Parsing HTML generated outside of Angular
It often happens that you have to work on some old project using jQuery. But in modern Web Development jQuery just doesn't cut it. So you write new features in Angular. But sometimes you have to modify existing code.
It's not a problem as long as HTML is static, but if it's generated on server side Rails+jQuery style, then Angular won't know anything about it when it arrives to a browser.
So we have make Angular parse this HTML. I remember a long time ago when I first encountered that problem I googled quite a lot but came up empty handed. So I had to find a way myself. Recently my colleagues stumbled on the same problem so I decided to share this little piece of code on the internets.

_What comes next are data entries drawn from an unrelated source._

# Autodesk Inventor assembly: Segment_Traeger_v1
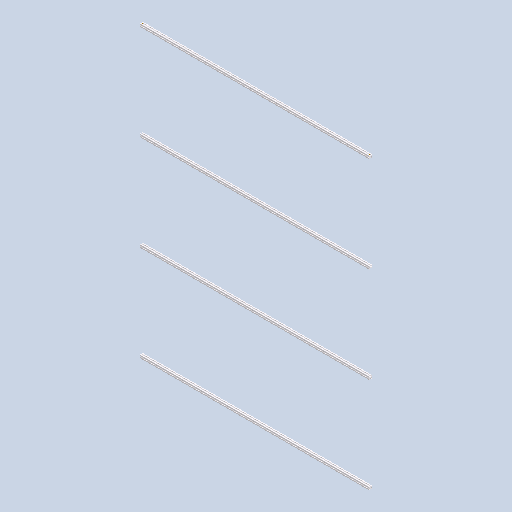
[picture p0: Inventor's stored thumbnail of the model, 512x512]
Saved by Autodesk Inventor 2025.1 (Build 291241000, 241)
## iProperties
Created: 2024-10-13
Part Number: Segment_Traeger_v1
Document SubType Name: Assembly
Designer: Kai Altwicker
Author: Kai Altwicker
## Documents named in this file (3)
- C:\Users\tallA\Repos\VolumanXR\hardware-capture\cad\rig_v1\Segment_Traeger_v1.iam
- C:\Users\tallA\Repos\VolumanXR\hardware-capture\cad\rig_v1\Profil_5_20x20_1500.ipt
- C:\Users\tallA\Repos\VolumanXR\hardware-capture\cad\dimensions.xlsx
## Components (4 placed, 1 different names)
1. Profil_5_20x20_1500:2 — Passend:1, Passend:2
2. Profil_5_20x20_1500:3
3. Profil_5_20x20_1500:4
4. Profil_5_20x20_1500:5
## Component patterns: (4 elements, first: Profil_5_20x20_1500:2)
## Relationships (2: Mate 2)
- Passend:1 [Mate]: Profil_5_20x20_1500:2
- Passend:2 [Mate]: Profil_5_20x20_1500:2
## Named parameters: d_tol = 0.3 mm, d_wand = 1.5 mm, d_traeger = 625 mm, l_profil_40x40 = 2500 mm, h_profil_40x40 = 40 mm, h_profil_20x20 = 20 mm, b_profil_40x40 = 40 mm, b_profil_20x20 = 20 mm, l_profil_20x20 = 1500 mm, D_oct = 3621.32034 mm

var $injector = angular.element(document).injector(); // first we get the injector our app uses | |
$injector.invoke(function($rootScope, $compile) { // you inject anything here in params | |
var element = angular.element('#selector'); // get the element we want to parse | |
// following hack isn't always neccessary, but I use to prevent double parsing if the same HTML is generated statically and dynamically | |
if (element.attr('class') && element.attr('class').indexOf("ng-scope")!=-1){ | |
return; | |
} | |
var compiled = $compile(element)($rootScope); // finally, we compile the element against root scope | |
compiled.scope().$apply(); // ... and we tell Angular that we made changes outside of its 'world' | |
}); |
Well... That's pretty much it. You shouldn't try running your angular app again. It's going to create a separate application.
Also I want to share an interesting gotcha. If you inline your angular templates with
<script type="text/ng-template" id="the-template" >
and they are in dynamically generated HTML you have parse this HTML. Strangely enough Angular doesn't use selectors to get this template. Rather it puts this template into template cache when encounters it during parsing.